Your assignment
When you reach the line in the listing below that contains "7979.57741), (803441.53016, 8102.34615))", begin returning lines exactly as written, and stop after the line that contains "ratio=0.1587735593, start_angle=180.000000001, end_angle=360)". Return no other lines.

[Start of Attachment]

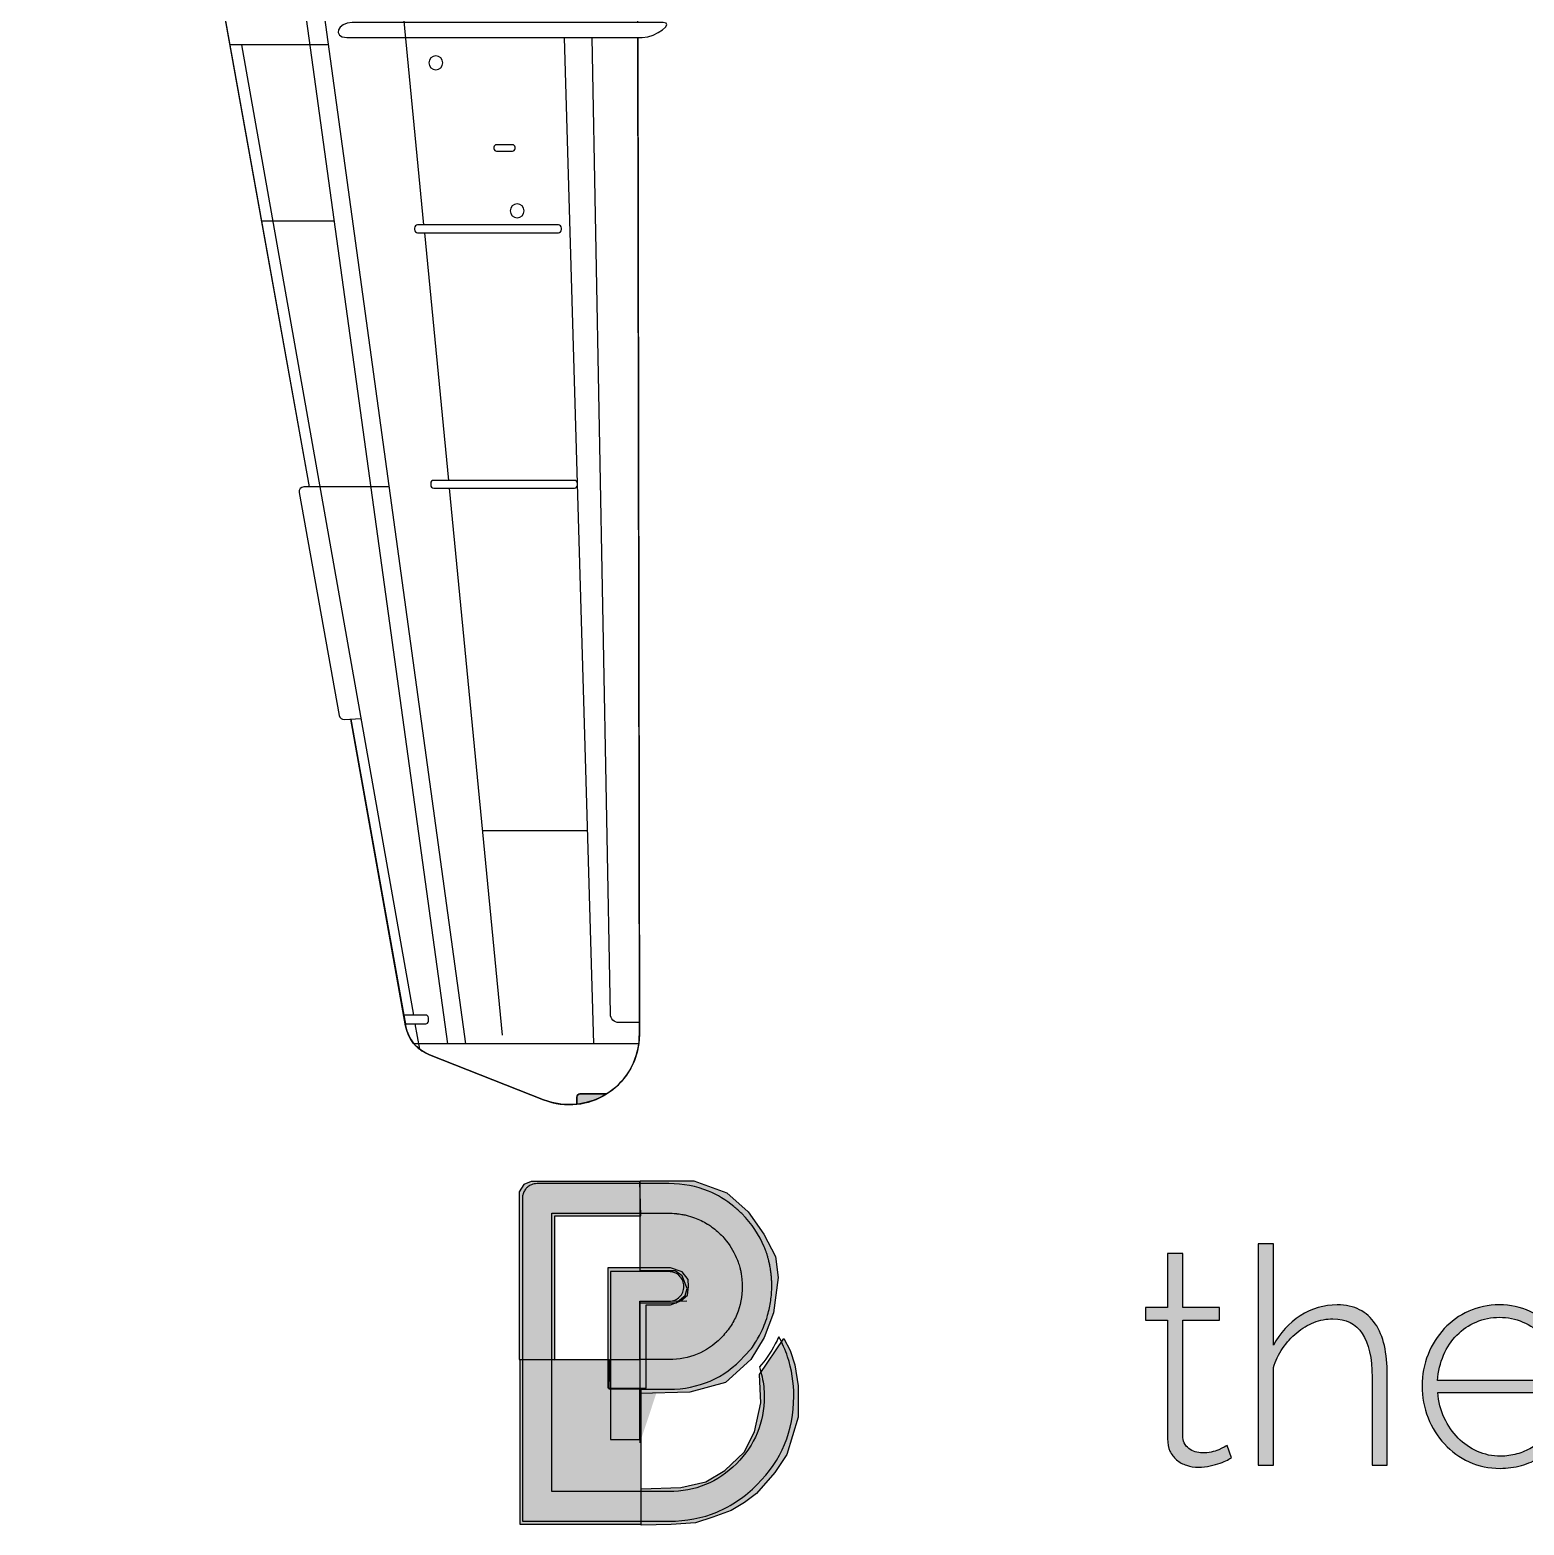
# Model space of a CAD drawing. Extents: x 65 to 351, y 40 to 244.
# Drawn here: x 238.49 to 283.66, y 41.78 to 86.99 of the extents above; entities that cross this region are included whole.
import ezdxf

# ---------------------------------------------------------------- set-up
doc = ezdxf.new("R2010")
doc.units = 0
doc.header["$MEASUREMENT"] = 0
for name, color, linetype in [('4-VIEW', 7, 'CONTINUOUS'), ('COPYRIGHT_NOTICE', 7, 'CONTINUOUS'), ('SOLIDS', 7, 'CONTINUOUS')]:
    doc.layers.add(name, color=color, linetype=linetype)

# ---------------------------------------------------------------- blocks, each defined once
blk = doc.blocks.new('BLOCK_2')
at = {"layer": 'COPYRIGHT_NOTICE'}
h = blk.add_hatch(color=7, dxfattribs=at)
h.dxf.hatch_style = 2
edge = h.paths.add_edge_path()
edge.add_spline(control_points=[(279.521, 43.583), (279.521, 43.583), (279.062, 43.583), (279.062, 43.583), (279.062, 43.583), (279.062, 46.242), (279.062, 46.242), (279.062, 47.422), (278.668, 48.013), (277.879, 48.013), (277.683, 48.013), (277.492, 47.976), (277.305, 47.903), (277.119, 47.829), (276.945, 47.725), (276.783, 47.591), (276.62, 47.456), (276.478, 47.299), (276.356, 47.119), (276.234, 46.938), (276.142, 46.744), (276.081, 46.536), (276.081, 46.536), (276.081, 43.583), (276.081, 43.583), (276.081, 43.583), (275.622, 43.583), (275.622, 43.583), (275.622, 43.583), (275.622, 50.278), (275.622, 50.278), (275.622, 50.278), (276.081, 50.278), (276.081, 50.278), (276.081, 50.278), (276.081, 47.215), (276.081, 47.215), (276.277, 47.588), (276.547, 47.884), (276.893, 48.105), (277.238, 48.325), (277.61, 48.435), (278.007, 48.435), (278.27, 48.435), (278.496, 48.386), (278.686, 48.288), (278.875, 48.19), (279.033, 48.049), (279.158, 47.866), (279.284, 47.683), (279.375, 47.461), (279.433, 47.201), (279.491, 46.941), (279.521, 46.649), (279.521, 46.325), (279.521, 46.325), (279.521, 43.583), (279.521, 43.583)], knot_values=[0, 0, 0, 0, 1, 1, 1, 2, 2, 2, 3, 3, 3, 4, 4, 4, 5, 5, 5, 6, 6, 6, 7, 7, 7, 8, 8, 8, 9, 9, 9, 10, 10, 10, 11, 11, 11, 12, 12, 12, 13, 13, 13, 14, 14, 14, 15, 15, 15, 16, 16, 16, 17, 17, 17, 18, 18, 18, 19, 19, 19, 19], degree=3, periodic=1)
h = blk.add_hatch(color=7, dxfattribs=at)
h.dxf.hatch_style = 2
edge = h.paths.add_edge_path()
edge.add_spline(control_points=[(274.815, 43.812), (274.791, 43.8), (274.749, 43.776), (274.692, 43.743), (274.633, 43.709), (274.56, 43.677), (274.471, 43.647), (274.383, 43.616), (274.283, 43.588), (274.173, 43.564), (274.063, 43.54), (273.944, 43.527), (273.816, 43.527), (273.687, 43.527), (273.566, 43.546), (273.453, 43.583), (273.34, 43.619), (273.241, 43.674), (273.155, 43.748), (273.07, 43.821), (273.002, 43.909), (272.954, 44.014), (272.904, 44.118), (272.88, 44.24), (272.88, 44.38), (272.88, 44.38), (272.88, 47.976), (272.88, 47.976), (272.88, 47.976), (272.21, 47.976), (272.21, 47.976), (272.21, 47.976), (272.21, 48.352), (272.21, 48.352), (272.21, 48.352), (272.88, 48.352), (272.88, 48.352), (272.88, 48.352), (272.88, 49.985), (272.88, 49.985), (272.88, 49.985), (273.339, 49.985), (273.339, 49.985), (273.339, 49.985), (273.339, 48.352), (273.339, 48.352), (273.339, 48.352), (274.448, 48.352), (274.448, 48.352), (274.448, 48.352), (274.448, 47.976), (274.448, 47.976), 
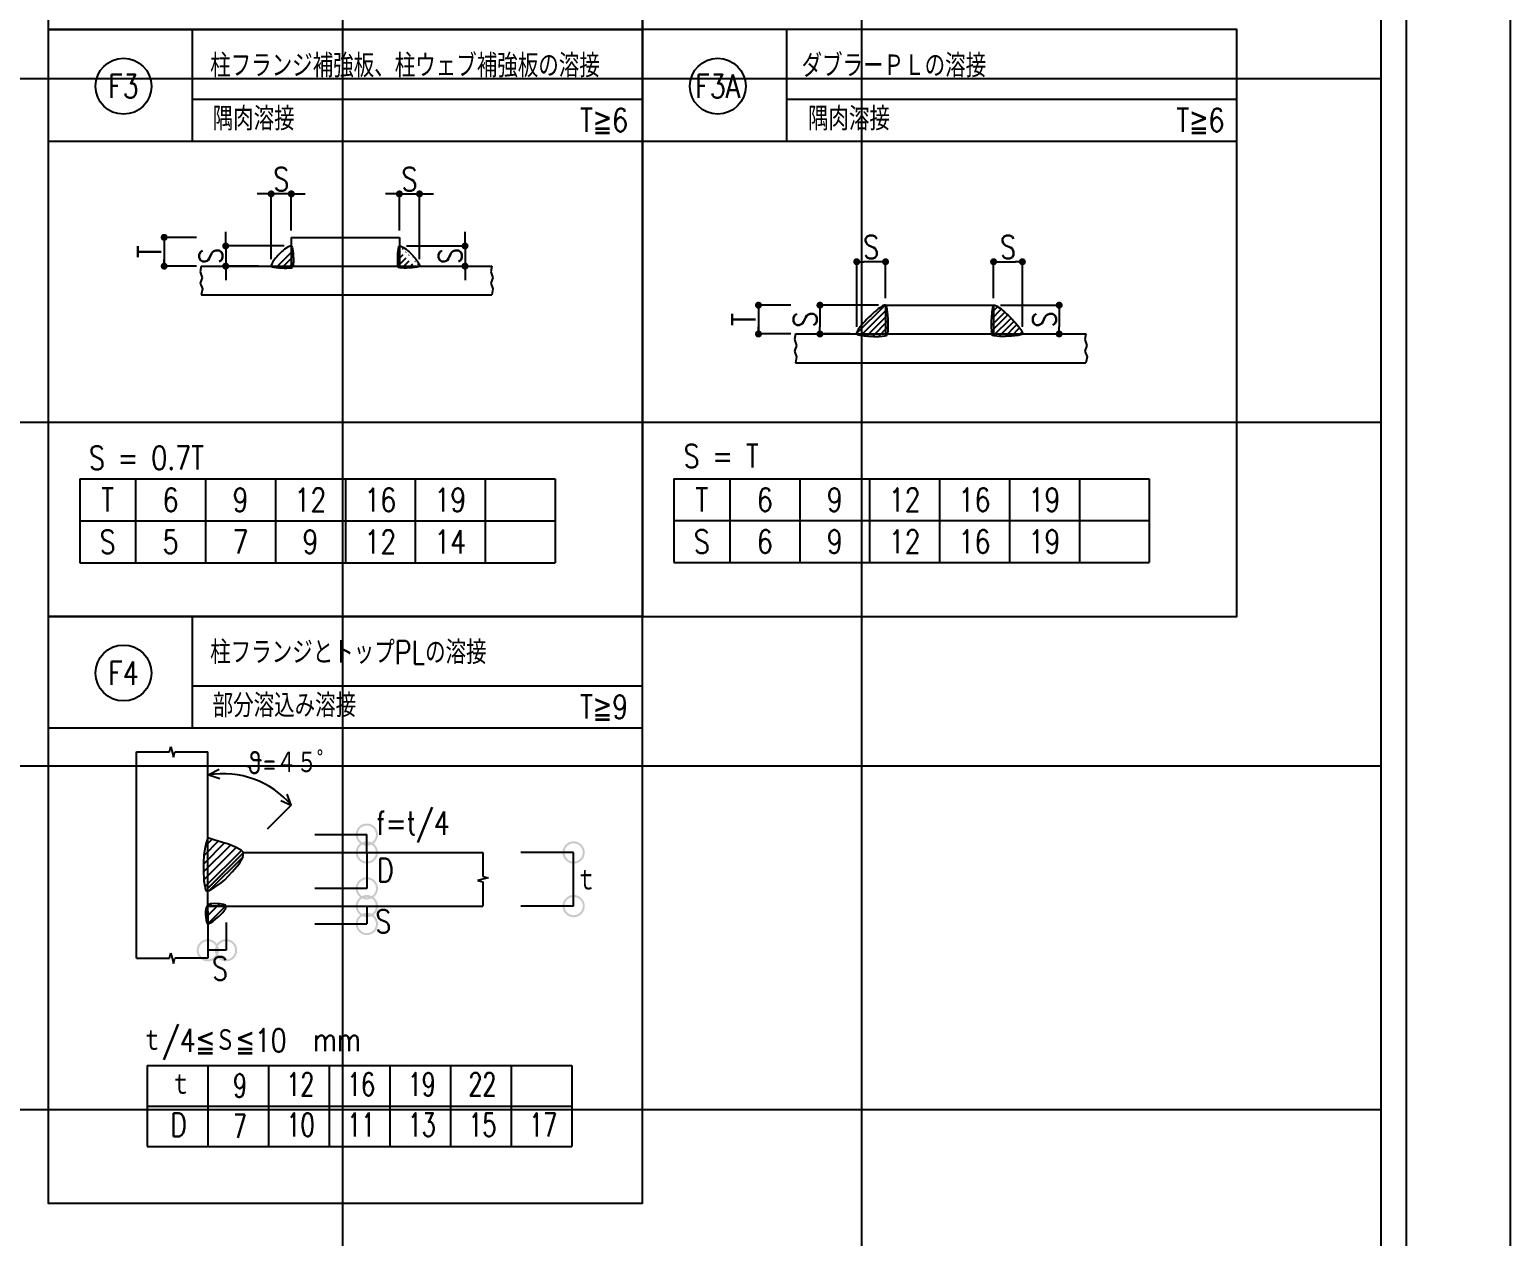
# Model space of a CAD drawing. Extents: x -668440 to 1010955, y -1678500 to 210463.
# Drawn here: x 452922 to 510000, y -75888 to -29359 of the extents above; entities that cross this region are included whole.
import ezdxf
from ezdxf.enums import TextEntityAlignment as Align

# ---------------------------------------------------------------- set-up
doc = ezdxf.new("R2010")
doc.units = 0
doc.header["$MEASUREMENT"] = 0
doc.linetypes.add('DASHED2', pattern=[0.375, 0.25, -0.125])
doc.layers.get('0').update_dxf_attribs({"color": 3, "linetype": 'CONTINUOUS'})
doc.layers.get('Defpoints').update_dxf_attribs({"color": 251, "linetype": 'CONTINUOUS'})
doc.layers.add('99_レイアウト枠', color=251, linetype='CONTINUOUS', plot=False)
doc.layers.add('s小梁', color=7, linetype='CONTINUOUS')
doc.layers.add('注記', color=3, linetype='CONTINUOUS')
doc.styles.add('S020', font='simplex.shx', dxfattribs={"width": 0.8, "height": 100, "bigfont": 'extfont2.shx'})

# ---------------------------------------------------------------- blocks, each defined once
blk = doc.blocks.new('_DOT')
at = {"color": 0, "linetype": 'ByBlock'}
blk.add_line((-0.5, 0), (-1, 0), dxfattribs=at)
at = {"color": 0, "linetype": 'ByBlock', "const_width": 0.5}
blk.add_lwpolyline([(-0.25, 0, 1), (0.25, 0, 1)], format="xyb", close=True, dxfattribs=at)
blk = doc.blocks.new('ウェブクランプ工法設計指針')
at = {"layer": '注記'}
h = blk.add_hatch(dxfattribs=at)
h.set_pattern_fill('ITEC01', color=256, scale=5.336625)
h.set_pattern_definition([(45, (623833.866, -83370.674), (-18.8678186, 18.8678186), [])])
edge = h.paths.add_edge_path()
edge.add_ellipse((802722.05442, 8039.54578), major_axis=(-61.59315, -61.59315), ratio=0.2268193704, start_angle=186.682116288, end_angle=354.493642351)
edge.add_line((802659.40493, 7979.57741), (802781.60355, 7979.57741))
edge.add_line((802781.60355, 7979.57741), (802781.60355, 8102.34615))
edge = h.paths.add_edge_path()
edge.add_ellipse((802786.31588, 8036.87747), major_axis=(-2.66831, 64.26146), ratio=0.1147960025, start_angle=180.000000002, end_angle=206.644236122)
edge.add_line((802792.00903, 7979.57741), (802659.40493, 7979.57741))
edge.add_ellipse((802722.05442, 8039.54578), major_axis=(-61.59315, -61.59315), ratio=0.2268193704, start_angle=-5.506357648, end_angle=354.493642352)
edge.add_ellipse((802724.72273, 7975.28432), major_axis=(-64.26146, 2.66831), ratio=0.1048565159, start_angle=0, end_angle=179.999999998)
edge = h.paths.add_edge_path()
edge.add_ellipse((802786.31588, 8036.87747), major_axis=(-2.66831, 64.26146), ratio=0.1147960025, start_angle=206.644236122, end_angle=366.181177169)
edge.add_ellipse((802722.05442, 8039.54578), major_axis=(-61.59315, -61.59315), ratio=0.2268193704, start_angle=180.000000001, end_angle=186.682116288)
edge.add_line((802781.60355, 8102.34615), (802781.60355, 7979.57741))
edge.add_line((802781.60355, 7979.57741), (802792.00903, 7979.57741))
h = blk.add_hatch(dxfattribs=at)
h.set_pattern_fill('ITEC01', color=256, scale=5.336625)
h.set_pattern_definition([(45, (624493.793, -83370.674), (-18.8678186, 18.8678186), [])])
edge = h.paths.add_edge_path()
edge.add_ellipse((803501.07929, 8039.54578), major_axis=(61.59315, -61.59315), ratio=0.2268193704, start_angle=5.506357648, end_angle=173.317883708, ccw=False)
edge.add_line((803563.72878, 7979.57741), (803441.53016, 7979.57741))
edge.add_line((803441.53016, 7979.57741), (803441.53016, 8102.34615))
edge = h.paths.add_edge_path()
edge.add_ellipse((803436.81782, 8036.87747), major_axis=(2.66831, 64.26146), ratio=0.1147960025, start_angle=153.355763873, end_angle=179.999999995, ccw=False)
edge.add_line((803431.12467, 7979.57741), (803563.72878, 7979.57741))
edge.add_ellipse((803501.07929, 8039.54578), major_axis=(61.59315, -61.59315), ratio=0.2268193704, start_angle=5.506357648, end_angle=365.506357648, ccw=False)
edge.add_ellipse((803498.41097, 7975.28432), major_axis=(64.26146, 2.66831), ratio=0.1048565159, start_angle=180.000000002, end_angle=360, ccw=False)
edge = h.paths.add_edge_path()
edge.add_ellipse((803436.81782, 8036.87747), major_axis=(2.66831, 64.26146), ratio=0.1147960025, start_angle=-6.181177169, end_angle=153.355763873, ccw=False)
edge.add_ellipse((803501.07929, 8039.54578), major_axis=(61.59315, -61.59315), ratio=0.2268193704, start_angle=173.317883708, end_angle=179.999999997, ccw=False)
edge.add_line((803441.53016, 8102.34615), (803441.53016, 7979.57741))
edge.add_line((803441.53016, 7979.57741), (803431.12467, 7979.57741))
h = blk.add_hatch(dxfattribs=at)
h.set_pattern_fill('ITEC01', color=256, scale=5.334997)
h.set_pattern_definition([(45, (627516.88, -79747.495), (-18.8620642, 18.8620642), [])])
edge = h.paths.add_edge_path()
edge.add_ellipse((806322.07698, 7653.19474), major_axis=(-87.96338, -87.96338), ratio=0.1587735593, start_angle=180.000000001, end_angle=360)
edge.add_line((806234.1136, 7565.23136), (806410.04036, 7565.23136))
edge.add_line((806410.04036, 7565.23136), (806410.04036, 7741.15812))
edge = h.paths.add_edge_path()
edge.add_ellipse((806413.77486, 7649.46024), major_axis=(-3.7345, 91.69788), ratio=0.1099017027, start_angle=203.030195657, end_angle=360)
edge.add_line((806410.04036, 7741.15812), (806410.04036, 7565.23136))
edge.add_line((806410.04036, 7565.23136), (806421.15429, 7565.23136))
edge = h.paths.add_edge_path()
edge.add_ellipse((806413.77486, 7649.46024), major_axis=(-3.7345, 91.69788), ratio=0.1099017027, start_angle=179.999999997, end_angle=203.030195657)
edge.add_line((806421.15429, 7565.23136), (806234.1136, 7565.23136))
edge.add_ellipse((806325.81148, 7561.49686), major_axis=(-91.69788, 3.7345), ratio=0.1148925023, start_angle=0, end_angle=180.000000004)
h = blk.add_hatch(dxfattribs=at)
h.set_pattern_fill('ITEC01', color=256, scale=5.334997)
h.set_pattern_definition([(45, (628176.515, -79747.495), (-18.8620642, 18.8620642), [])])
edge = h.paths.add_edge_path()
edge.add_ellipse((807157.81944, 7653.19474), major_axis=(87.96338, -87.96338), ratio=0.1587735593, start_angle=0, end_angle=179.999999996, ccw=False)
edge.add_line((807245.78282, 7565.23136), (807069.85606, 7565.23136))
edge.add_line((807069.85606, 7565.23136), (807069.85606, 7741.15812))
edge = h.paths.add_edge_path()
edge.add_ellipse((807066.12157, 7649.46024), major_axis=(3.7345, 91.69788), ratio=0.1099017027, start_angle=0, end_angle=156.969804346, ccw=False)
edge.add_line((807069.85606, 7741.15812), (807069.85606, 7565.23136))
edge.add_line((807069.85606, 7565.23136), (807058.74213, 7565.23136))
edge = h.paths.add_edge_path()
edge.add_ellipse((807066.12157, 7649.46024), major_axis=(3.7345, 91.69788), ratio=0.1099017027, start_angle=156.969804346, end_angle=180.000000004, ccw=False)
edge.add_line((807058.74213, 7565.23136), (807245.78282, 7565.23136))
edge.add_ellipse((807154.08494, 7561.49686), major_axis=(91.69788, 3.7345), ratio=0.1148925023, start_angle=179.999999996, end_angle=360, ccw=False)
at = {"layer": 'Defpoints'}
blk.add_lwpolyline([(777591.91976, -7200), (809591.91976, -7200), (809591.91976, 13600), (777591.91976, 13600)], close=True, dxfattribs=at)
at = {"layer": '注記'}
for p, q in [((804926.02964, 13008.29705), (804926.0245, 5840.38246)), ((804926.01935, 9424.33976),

[End of Attachment]

Solved problem
edge.add_line((803441.53016, 7979.57741), (803441.53016, 8102.34615))
edge = h.paths.add_edge_path()
edge.add_ellipse((803436.81782, 8036.87747), major_axis=(2.66831, 64.26146), ratio=0.1147960025, start_angle=153.355763873, end_angle=179.999999995, ccw=False)
edge.add_line((803431.12467, 7979.57741), (803563.72878, 7979.57741))
edge.add_ellipse((803501.07929, 8039.54578), major_axis=(61.59315, -61.59315), ratio=0.2268193704, start_angle=5.506357648, end_angle=365.506357648, ccw=False)
edge.add_ellipse((803498.41097, 7975.28432), major_axis=(64.26146, 2.66831), ratio=0.1048565159, start_angle=180.000000002, end_angle=360, ccw=False)
edge = h.paths.add_edge_path()
edge.add_ellipse((803436.81782, 8036.87747), major_axis=(2.66831, 64.26146), ratio=0.1147960025, start_angle=-6.181177169, end_angle=153.355763873, ccw=False)
edge.add_ellipse((803501.07929, 8039.54578), major_axis=(61.59315, -61.59315), ratio=0.2268193704, start_angle=173.317883708, end_angle=179.999999997, ccw=False)
edge.add_line((803441.53016, 8102.34615), (803441.53016, 7979.57741))
edge.add_line((803441.53016, 7979.57741), (803431.12467, 7979.57741))
h = blk.add_hatch(dxfattribs=at)
h.set_pattern_fill('ITEC01', color=256, scale=5.334997)
h.set_pattern_definition([(45, (627516.88, -79747.495), (-18.8620642, 18.8620642), [])])
edge = h.paths.add_edge_path()
edge.add_ellipse((806322.07698, 7653.19474), major_axis=(-87.96338, -87.96338), ratio=0.1587735593, start_angle=180.000000001, end_angle=360)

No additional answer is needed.